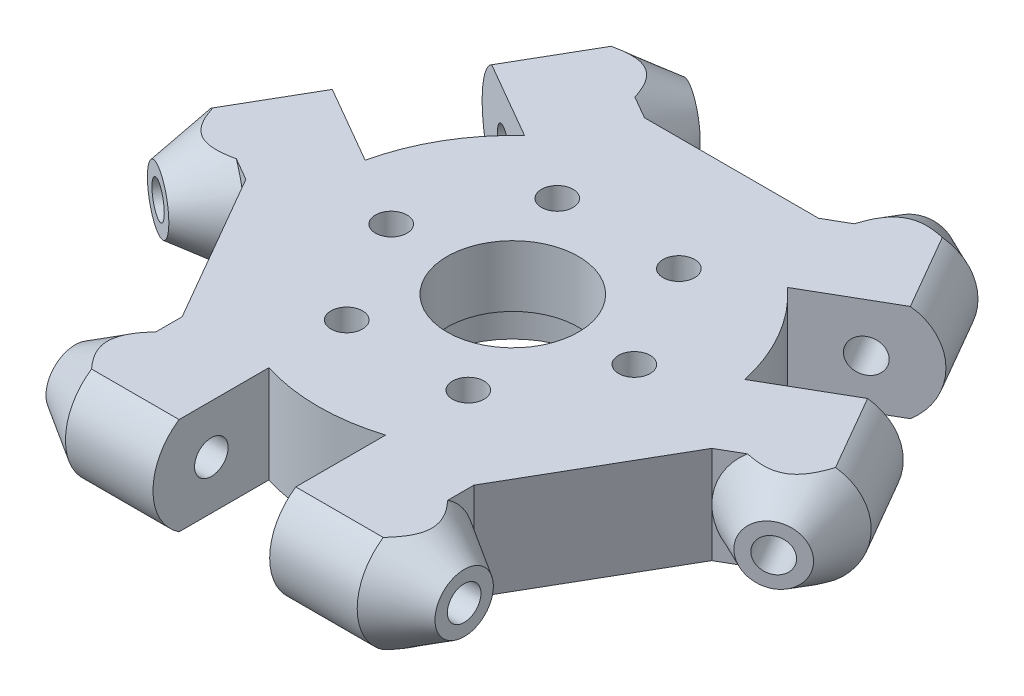
from build123d import *

# Parameters (mm, degrees)
BOSS_EXTRUDE1_DEPTH      = 5
BOSS_EXTRUDE1_DEPTH_BACK = 5
CIRPATTERN1_COUNT        = 3
SKETCH7_R                = 1.725
CUT_EXTRUDE2_DEPTH       = 47.868710659
CIRPATTERN2_COUNT        = 3
CUT_EXTRUDE3_DEPTH       = 47.751214304
CUT_EXTRUDE3_DEPTH_BACK  = 47.751214304
SKETCH8_R                = 8.5
SKETCH8_R_2              = 1.625
SKETCH9_R                = 8.5
SKETCH9_R_2              = 6.75
BOSS_EXTRUDE2_DEPTH      = 6.3


with BuildPart() as part:
    # Sketch4 → Boss-Extrude1 (new, two sides: drawn at the far end of the back side and taken through both)
    with BuildSketch(Plane(origin=(0, 0, 0), x_dir=(1, 0, 0), z_dir=(0, 1, 0)).offset(-BOSS_EXTRUDE1_DEPTH_BACK)):
        with BuildLine():
            Line((23.846787517, 20.696152423), (13.522711642, 14.735544437))
            ThreePointArc((13.522711642, 14.735544437), (17.320508076, 10), (19.522711642, 4.343239591))
            Line((19.522711642, 4.343239591), (29.846787517, 10.303847577))
            Line((29.846787517, 10.303847577), (34.346787517, 2.509618943))
            Line((34.346787517, 2.509618943), (23.954482672, -3.490381057))
            Line((23.954482672, -3.490381057), (15, -19))
            Line((15, -19), (15, -31))
            Line((15, -31), (6, -31))
            Line((6, -31), (6, -19.078784028))
            ThreePointArc((6, -19.078784028), (0, -20), (-6, -19.078784028))
            Line((-6, -19.078784028), (-6, -31))
            Line((-6, -31), (-15, -31))
            Line((-15, -31), (-15, -19))
            Line((-15, -19), (-23.954482672, -3.490381057))
            Line((-23.954482672, -3.490381057), (-34.346787517, 2.509618943))
            Line((-34.346787517, 2.509618943), (-29.846787517, 10.303847577))
            Line((-29.846787517, 10.303847577), (-19.522711642, 4.343239591))
            ThreePointArc((-19.522711642, 4.343239591), (-17.320508076, 10), (-13.522711642, 14.735544437))
            Line((-13.522711642, 14.735544437), (-23.846787517, 20.696152423))
            Line((-23.846787517, 20.696152423), (-19.346787517, 28.490381057))
            Line((-19.346787517, 28.490381057), (-8.954482672, 22.490381057))
            Line((-8.954482672, 22.490381057), (8.954482672, 22.490381057))
            Line((8.954482672, 22.490381057), (19.346787517, 28.490381057))
            Line((19.346787517, 28.490381057), (23.846787517, 20.696152423))
        make_face()
    extrude(amount=BOSS_EXTRUDE1_DEPTH + BOSS_EXTRUDE1_DEPTH_BACK)

    # Sketch6 → Revolve1 (revolve)
    with BuildSketch(Plane(origin=(0, 0, 0), x_dir=(1, 0, 0), z_dir=(0, 1, 0))):
        Polygon((-15, -25), (-20, -25), (-20, -28), (-15, -31), align=None)
        Polygon((15, -31), (15, -25), (20, -25), (20, -28), align=None)
    revolve1 = revolve(axis=Axis((-15, 0, 25), (1, 0, 0)))

    # CirPattern1: Revolve1 ×3 about axis
    cirpattern1_axis = Axis((0, 5, 0), (0, 1, 0))
    for i in range(1, CIRPATTERN1_COUNT):
        add(revolve1.rotate(cirpattern1_axis, i * 360 / CIRPATTERN1_COUNT))

    # Sketch7 → Cut-Extrude2 (cut, symmetric)
    with BuildSketch(Plane(origin=(0, 0, 0), x_dir=(0, 0, -1), z_dir=(1, 0, 0))):
        with Locations((-25, 0)):
            Circle(SKETCH7_R)
        with BuildLine():
            Line((-28.31662479, 5), (-19, 5))
            Line((-19, 5), (-19, 25))
            Line((-19, 25), (-39, 25))
            Line((-39, 25), (-39, -25))
            Line((-39, -25), (-19, -25))
            Line((-19, -25), (-19, -5))
            Line((-19, -5), (-28.31662479, -5))
            ThreePointArc((-28.31662479, -5), (-31, 0), (-28.31662479, 5))
        make_face()
    cut_extrude2 = extrude(amount=CUT_EXTRUDE2_DEPTH, both=True, mode=Mode.SUBTRACT)

    # CirPattern2: Cut-Extrude2 ×3 about axis
    cirpattern2_axis = Axis((0, 5, 0), (0, 1, 0))
    for i in range(1, CIRPATTERN2_COUNT):
        add(cut_extrude2.rotate(cirpattern2_axis, i * 360 / CIRPATTERN2_COUNT), mode=Mode.SUBTRACT)

    # Sketch8 → Cut-Extrude3 (cut, two sides: drawn at the far end of the back side and taken through both)
    with BuildSketch(Plane(origin=(0, 0, 0), x_dir=(1, 0, 0), z_dir=(0, 1, 0)).offset(-CUT_EXTRUDE3_DEPTH_BACK)):
        Circle(SKETCH8_R)
        with Locations((-12.5, 0)):
            Circle(SKETCH8_R_2)
        with Locations((-6.25, 10.825317547)):
            Circle(SKETCH8_R_2)
        with Locations((6.25, 10.825317547)):
            Circle(SKETCH8_R_2)
        with Locations((12.5, 0)):
            Circle(SKETCH8_R_2)
        with Locations((6.25, -10.825317547)):
            Circle(SKETCH8_R_2)
        with Locations((-6.25, -10.825317547)):
            Circle(SKETCH8_R_2)
    extrude(amount=CUT_EXTRUDE3_DEPTH + CUT_EXTRUDE3_DEPTH_BACK, mode=Mode.SUBTRACT)

    # Sketch9 → Boss-Extrude2 (add)
    with BuildSketch(Plane(origin=(0, 5, 0), x_dir=(1, 0, 0), z_dir=(0, 1, 0))):
        Circle(SKETCH9_R)
        Circle(SKETCH9_R_2, mode=Mode.SUBTRACT)
    extrude(amount=-BOSS_EXTRUDE2_DEPTH)


solid = part.part

________________________________________

Exercise: Gather all lines from the listing above in which "about" occurs.

Output for this exercise:
    # CirPattern1: Revolve1 ×3 about axis
    # CirPattern2: Cut-Extrude2 ×3 about axis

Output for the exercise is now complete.